Fig. 6. β-arrestin2 regulates the migration of THP-1 monocytes via ERK and p38 MAPK signaling pathways.

a Effects of PD98059 and SB203580 on the migration of THP-1 cells induced by MCP-1 detected using the Transwell assay. ^##P < 0.01 compared with control group, ^**P < 0.01 compared with the MCP-1 group. b β-arrestin2 overexpression promoted the activation of ERK and p38 MAPK pathways in THP-1 cells. ^##P < 0.01 compared with control group. ^**P < 0.01 compared with empty vector group. c Effects of β-arrestin2 overexpressed plasmid on the migration abilities of THP-1 cells treated with PD98059 or SB203580. ^##P < 0.01 compared with control group; **P < 0.01 compared with empty vector group; ^&&P < 0.01 compared with the β-arrestin2 overexpression group. d Effects of β-arrestin2 siRNA on the activation of ERK and p38 MAPK pathways in MCP-1-stimulated THP-1 cells. ^##P < 0.01 compared with control group; ^**P < 0.01 compared with the scrambled group.

Fig. 7. Silencing of β-arrestin2 inhibits differentiation of THP-1 cells to macrophages and reduces hepatocyte apoptosis induced by TNF-α secreted from macrophages.
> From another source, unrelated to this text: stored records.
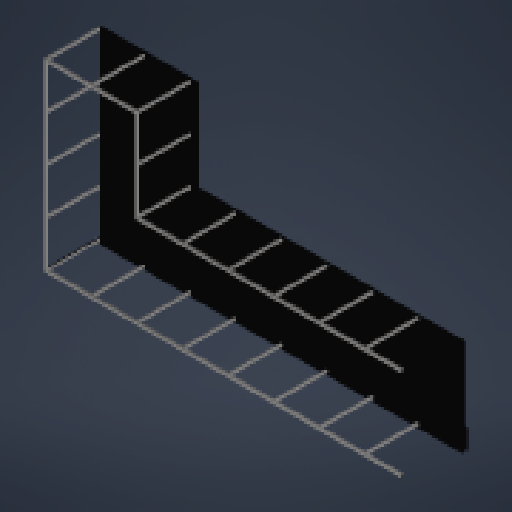
# Autodesk Inventor part: FirstFloorP
Saved by Autodesk Inventor 2025 (Build 290162000, 162)
## iProperties
Created: 2024-05-05
Part Number: FirstFloorP
Material: Generic
Document SubType Name: Modeling
Designer: zulet
Density: 1 g/cm^3
Appearance: Black
Author: zulet
Autodesk Inventor part; units mm, degrees
ref_plane "YZ Plane" through (0, 0, 0) normal (1, 0, 0) x (0, 1, 0)
ref_plane "XZ Plane" through (0, 0, 0) normal (0, 1, 0) x (-1, 0, 0)
ref_plane "XY Plane" through (0, 0, 0) normal (0, 0, 1) x (1, 0, 0)
sketch "Sketch1" plane through (0, 0, 0) normal (0, 0, 1) x (1, 0, 0)
  line L0 (7383.4617, 1848.5139) -> (5993.4617, 1848.5139) projected
  line L1 (7383.4617, 3293.5139) -> (7383.4617, 1793.5139) projected
  line L2 (7383.4617, 653.5139) -> (7383.4617, 1793.5139) projected
  line L3 (7353.4617, 653.5139) -> (7523.4617, 653.5139) projected
  line L4 (7416.4617, 640.8139) -> (7353.4617, 640.8139) projected
  arc A0 (7434.4617, 622.8139) -> (7416.4617, 640.8139) centre (7416.4617, 622.8139) ccw projected
  line L5 (7353.4617, 640.8139) -> (7353.4617, 653.5139) projected
  line L6 (7434.4617, 324.2139) -> (7434.4617, 622.8139) projected
  arc A1 (7416.4617, 306.2139) -> (7434.4617, 324.2139) centre (7416.4617, 324.2139) ccw projected
  line L7 (7416.4617, 306.2139) -> (7353.4617, 306.2139) projected
  line L8 (5938.4617, 348.5139) -> (7353.4617, 348.5139) construction
  line L9 (7353.4617, 238.5139) -> (7353.4617, 348.5139) projected
  line L10 (5938.4617, 238.5139) -> (7353.4617, 238.5139) projected
  line L11 (4438.4617, 238.5139) -> (5938.4617, 238.5139) projected
  line L12 (4438.4617, 238.5139) -> (2938.4617, 238.5139) projected
  line L13 (1438.4617, 238.5139) -> (2938.4617, 238.5139) projected
  line L14 (1383.4617, 1738.5139) -> (1383.4617, 348.5139) projected
  line L15 (1438.4617, 238.5139) -> (1438.4617, 348.5139) projected
  line L16 (1383.4617, 348.5139) -> (1493.4617, 348.5139) projected
  line L17 (1383.4617, 3238.5139) -> (1383.4617, 1848.5139) projected
  line L18 (2993.4617, 3348.5139) -> (1493.4617, 3348.5139) projected
  line L19 (2993.4617, 3238.5139) -> (2993.4617, 1848.5139) projected
  line L20 (2993.4617, 1848.5139) -> (4383.4617, 1848.5139) projected
  line L21 (4493.4617, 1848.5139) -> (5883.4617, 1848.5139) projected
  line L22 (1493.4617, 3348.5139) -> (1383.4617, 3348.5139)
  line L23 (1383.4617, 3348.5139) -> (1383.4617, 3238.5139)
  line L24 (1383.4617, 348.5139) -> (1383.4617, 238.5139)
  line L25 (1383.4617, 238.5139) -> (1438.4617, 238.5139)
  line L26 (2993.4617, 3348.5139) -> (2993.4617, 3238.5139)
  line L27 (4383.4617, 1848.5139) -> (4493.4617, 1848.5139)
  line L28 (5883.4617, 1848.5139) -> (5993.4617, 1848.5139)
  line L29 (1383.4617, 1848.5139) -> (1383.4617, 1738.5139)
  point P0 (0, 0)
  point P1 (7383.042, 1848.5139)
  point P2 (1472.0731, 342.554)
  constraints: 16 end point, 4 perpendicular, 1 collinear, 1 horizontal, 1 point on line, 1 vertical
extrude "Extrusion1" add sketch "Sketch1" along normal blind 20
sketch "Sketch2" plane through (0, 0, 20) normal (0, 0, 1) x (1, 0, 0)
  arc A0 (1423.4617, 286.5139) -> (1431.4617, 278.5139) centre (1431.4617, 286.5139) ccw projected
  line L0 (1423.4617, 286.5139) -> (1423.4617, 310.5139) projected
  arc A1 (1431.4617, 318.5139) -> (1423.4617, 310.5139) centre (1431.4617, 310.5139) ccw projected
  line L1 (1431.4617, 318.5139) -> (1455.4617, 318.5139) projected
  arc A2 (1463.4617, 310.5139) -> (1455.4617, 318.5139) centre (1455.4617, 310.5139) ccw projected
  line L2 (1463.4617, 310.5139) -> (1463.4617, 286.5139) projected
  arc A3 (1455.4617, 278.5139) -> (1463.4617, 286.5139) centre (1455.4617, 286.5139) ccw projected
  line L3 (1455.4617, 278.5139) -> (1431.4617, 278.5139) projected
  line L4 (1431.4617, 318.5139) -> (1455.4617, 318.5139)
  line L5 (1463.4617, 310.5139) -> (1463.4617, 286.5139)
  line L6 (1455.4617, 278.5139) -> (1431.4617, 278.5139)
  line L7 (1423.4617, 286.5139) -> (1423.4617, 310.5139)
  arc A4 (1431.4617, 318.5139) -> (1423.4617, 310.5139) centre (1431.4617, 310.5139) ccw
  arc A5 (1463.4617, 310.5139) -> (1455.4617, 318.5139) centre (1455.4617, 310.5139) ccw
  arc A6 (1455.4617, 278.5139) -> (1463.4617, 286.5139) centre (1455.4617, 286.5139) ccw
  arc A7 (1423.4617, 286.5139) -> (1431.4617, 278.5139) centre (1431.4617, 286.5139) ccw
  arc A8 (2205.4617, 278.5139) -> (2213.4617, 286.5139) centre (2205.4617, 286.5139) ccw
  line L8 (2205.4617, 278.5139) -> (2181.4617, 278.5139)
  line L9 (2213.4617, 310.5139) -> (2213.4617, 286.5139)
  arc A9 (2213.4617, 310.5139) -> (2205.4617, 318.5139) centre (2205.4617, 310.5139) ccw
  line L10 (2173.4617, 286.5139) -> (2173.4617, 310.5139)
  line L11 (2181.4617, 318.5139) -> (2205.4617, 318.5139)
  arc A10 (2181.4617, 318.5139) -> (2173.4617, 310.5139) centre (2181.4617, 310.5139) ccw
  arc A11 (2173.4617, 286.5139) -> (2181.4617, 278.5139) centre (2181.4617, 286.5139) ccw
  arc A12 (2955.4617, 278.5139) -> (2963.4617, 286.5139) centre (2955.4617, 286.5139) ccw
  line L12 (2955.4617, 278.5139) -> (2931.4617, 278.5139)
  line L13 (2963.4617, 310.5139) -> (2963.4617, 286.5139)
  arc A13 (2963.4617, 310.5139) -> (2955.4617, 318.5139) centre (2955.4617, 310.5139) ccw
  line L14 (2923.4617, 286.5139) -> (2923.4617, 310.5139)
  line L15 (2931.4617, 318.5139) -> (2955.4617, 318.5139)
  arc A14 (2931.4617, 318.5139) -> (2923.4617, 310.5139) centre (2931.4617, 310.5139) ccw
  arc A15 (2923.4617, 286.5139) -> (2931.4617, 278.5139) centre (2931.4617, 286.5139) ccw
  arc A16 (3705.4617, 278.5139) -> (3713.4617, 286.5139) centre (3705.4617, 286.5139) ccw
  line L16 (3705.4617, 278.5139) -> (3681.4617, 278.5139)
  line L17 (3713.4617, 310.5139) -> (3713.4617, 286.5139)
  arc A17 (3713.4617, 310.5139) -> (3705.4617, 318.5139) centre (3705.4617, 310.5139) ccw
  line L18 (3673.4617, 286.5139) -> (3673.4617, 310.5139)
  line L19 (3681.4617, 318.5139) -> (3705.4617, 318.5139)
  arc A18 (3681.4617, 318.5139) -> (3673.4617, 310.5139) centre (3681.4617, 310.5139) ccw
  arc A19 (3673.4617, 286.5139) -> (3681.4617, 278.5139) centre (3681.4617, 286.5139) ccw
  arc A20 (4455.4617, 278.5139) -> (4463.4617, 286.5139) centre (4455.4617, 286.5139) ccw
  line L20 (4455.4617, 278.5139) -> (4431.4617, 278.5139)
  line L21 (4463.4617, 310.5139) -> (4463.4617, 286.5139)
  arc A21 (4463.4617, 310.5139) -> (4455.4617, 318.5139) centre (4455.4617, 310.5139) ccw
  line L22 (4423.4617, 286.5139) -> (4423.4617, 310.5139)
  line L23 (4431.4617, 318.5139) -> (4455.4617, 318.5139)
  arc A22 (4431.4617, 318.5139) -> (4423.4617, 310.5139) centre (4431.4617, 310.5139) ccw
  arc A23 (4423.4617, 286.5139) -> (4431.4617, 278.5139) centre (4431.4617, 286.5139) ccw
  arc A24 (5205.4617, 278.5139) -> (5213.4617, 286.5139) centre (5205.4617, 286.5139) ccw
  line L24 (5205.4617, 278.5139) -> (5181.4617, 278.5139)
  line L25 (5213.4617, 310.5139) -> (5213.4617, 286.5139)
  arc A25 (5213.4617, 310.5139) -> (5205.4617, 318.5139) centre (5205.4617, 310.5139) ccw
  line L26 (5173.4617, 286.5139) -> (5173.4617, 310.5139)
  line L27 (5181.4617, 318.5139) -> (5205.4617, 318.5139)
  arc A26 (5181.4617, 318.5139) -> (5173.4617, 310.5139) centre (5181.4617, 310.5139) ccw
  arc A27 (5173.4617, 286.5139) -> (5181.4617, 278.5139) centre (5181.4617, 286.5139) ccw
  arc A28 (5955.4617, 278.5139) -> (5963.4617, 286.5139) centre (5955.4617, 286.5139) ccw
  line L28 (5955.4617, 278.5139) -> (5931.4617, 278.5139)
  line L29 (5963.4617, 310.5139) -> (5963.4617, 286.5139)
  arc A29 (5963.4617, 310.5139) -> (5955.4617, 318.5139) centre (5955.4617, 310.5139) ccw
  line L30 (5923.4617, 286.5139) -> (5923.4617, 310.5139)
  line L31 (5931.4617, 318.5139) -> (5955.4617, 318.5139)
  arc A30 (5931.4617, 318.5139) -> (5923.4617, 310.5139) centre (5931.4617, 310.5139) ccw
  arc A31 (5923.4617, 286.5139) -> (5931.4617, 278.5139) centre (5931.4617, 286.5139) ccw
  arc A32 (6705.4617, 278.5139) -> (6713.4617, 286.5139) centre (6705.4617, 286.5139) ccw
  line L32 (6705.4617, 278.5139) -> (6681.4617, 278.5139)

a After treatment with phorbol-12-myristate-13-acetate (PMA) for 12–48 h, β-arrestin2 expression in THP-1 cells was analyzed using Western blotting. ^**P < 0.01 compared with the control group. b After transfection with β-arrestin2 siRNA, macrophage surface marker CD68 (red) expression was analyzed using immunofluorescence. The nuclei were examined by 4′,6-diamidino-2-phenylindole (blue). c The expressions of CD68 and CD36 in THP-1 cells treated with PMA were detected using flow cytometry after interfering with β-arrestin2 siRNA. ^##P < 0.01 compared with control group; **P < 0.01 compared with scrambled group. d Immunofluorescence was used to observe the effects of PD98059 or SB203580 on CD68 expression in THP-1 cells stimulated by PMA. ^##P < 0.01 compared with control group; **P < 0.01 compared with PMA group. e Western blotting revealed the expression of p-ERK and p-p38 in THP-1 cells stimulated with PMA after transfection with β-arrestin2 siRNA. ^##P < 0.01 compared with the control group; ^**P < 0.01 compared with the scrambled group. f Effects of β-arrestin2 on TNF-α secretion by monocyte-derived macrophages detected using enzyme-linked immunosorbent assay. ^&&P < 0.01 compared with the control group; ^**P < 0.01compared with the empty vector group^{; ##}P < 0.01 compared with the scrambled group. g The apoptosis rates of L02 cells cultured with conditioned media (CM). ^&&P < 0.01 compared with the control-CM group; ^**P < 0.01 compared with the empty vector-CM group; ^##P < 0.01 compared with the scrambled-CM group. ^$$P < 0.01 compared with the pcDNA-β-arrestin2-CM group.

Fig. 8. Deletion of β-arrestin2 reduces apoptosis of primary hepatocytes by activating the Akt/GSK-3β pathway.

a Effects of β-arrestin2 deficiency on apoptosis of TNF-α-induced primary hepatocytes were detected using flow cytometry. b Western blotting revealed the expression of Bax and Bcl-2 in TNF-α stimulated primary hepatocytes. c The protein levels of Akt, GSK-3β, p-Akt, and p-GSK-3β in hepatocytes after TNF-α stimulation were assessed using Western blotting. ^*P < 0.05, ^**P < 0.01 compared with the control group, ^#P < 0.05, ^##P < 0.01 compared with the TNF-α group. d Effect of LY294002 (Akt inhibitor) on apoptosis of hepatocytes from Arrb2 KO mice. ^**P < 0.01 compared with the TNF-α group. e The schematic diagram of the mechanism underlying the regulation of monocyte migration and differentiation by β-arrestin2, further mediating hepatocyte apoptosis in autoimmune hepatitis.